Zdaniem prezesa Gazpromu Aleksieja Millera gaz rosyjski dalej dociera na rynek europejski za pośrednictwem hubu w austriackim Baumgarten oraz dostaw LNG. – Celowa, wyobraźcie sobie, destrukcja popytu na jeden z najbardziej przyjaznych środowisku surowiec energetyczny: czegoś takiego w historii nie było – mówił szef Gazpromu o odejściu Europy od gazu z Rosji po kryzysie energetycznym wywołanym przez Kreml i jego inwazji na Ukrainie. Rosjanie celowo ograniczyli podaż gazu w Europie od połowy 2021 roku wywołując rekordowe ceny i destrukcje popytu.

Zdaniem Millera występującego na konferencji poświęconej wstępnym wynikom Gazpromu polityka europejska w sprawie gazu z Rosji doprowadzi do jej deindustrializacji.
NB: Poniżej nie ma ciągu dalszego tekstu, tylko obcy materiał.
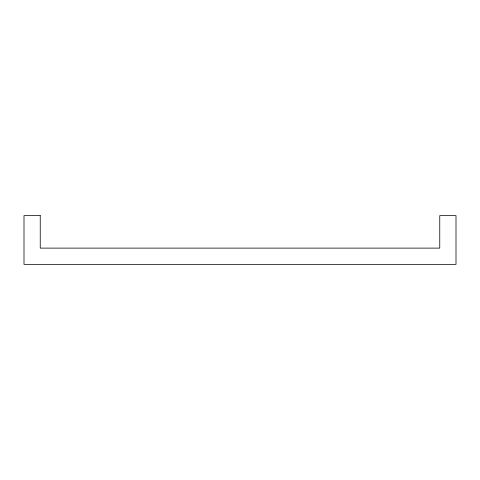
<?xml version="1.0" encoding="UTF-8"?>
<svg xmlns="http://www.w3.org/2000/svg" width="480" height="480" viewBox="0 0 480 480"><rect width="100%" height="100%" fill="white"/><g stroke="black" fill="none" stroke-linecap="round" stroke-linejoin="round"><path stroke-width="0.72" d="M40.242 215.64L24 215.64L24 264.36L456 264.36L456 215.64L439.758 215.64L439.758 248.118L40.242 248.118L40.242 215.64"/></g></svg>

Tymczasem Europejczycy ogłosili program REPowerEU zakładający rozwój przemysłu w oparciu o Odnawialne Źródła Energii wraz z celem porzucenia surowców rosyjskich do 2027 roku. Zawiera on także cel redukcji popytu na paliwa kopalne oraz wzrost efektywności energetycznej.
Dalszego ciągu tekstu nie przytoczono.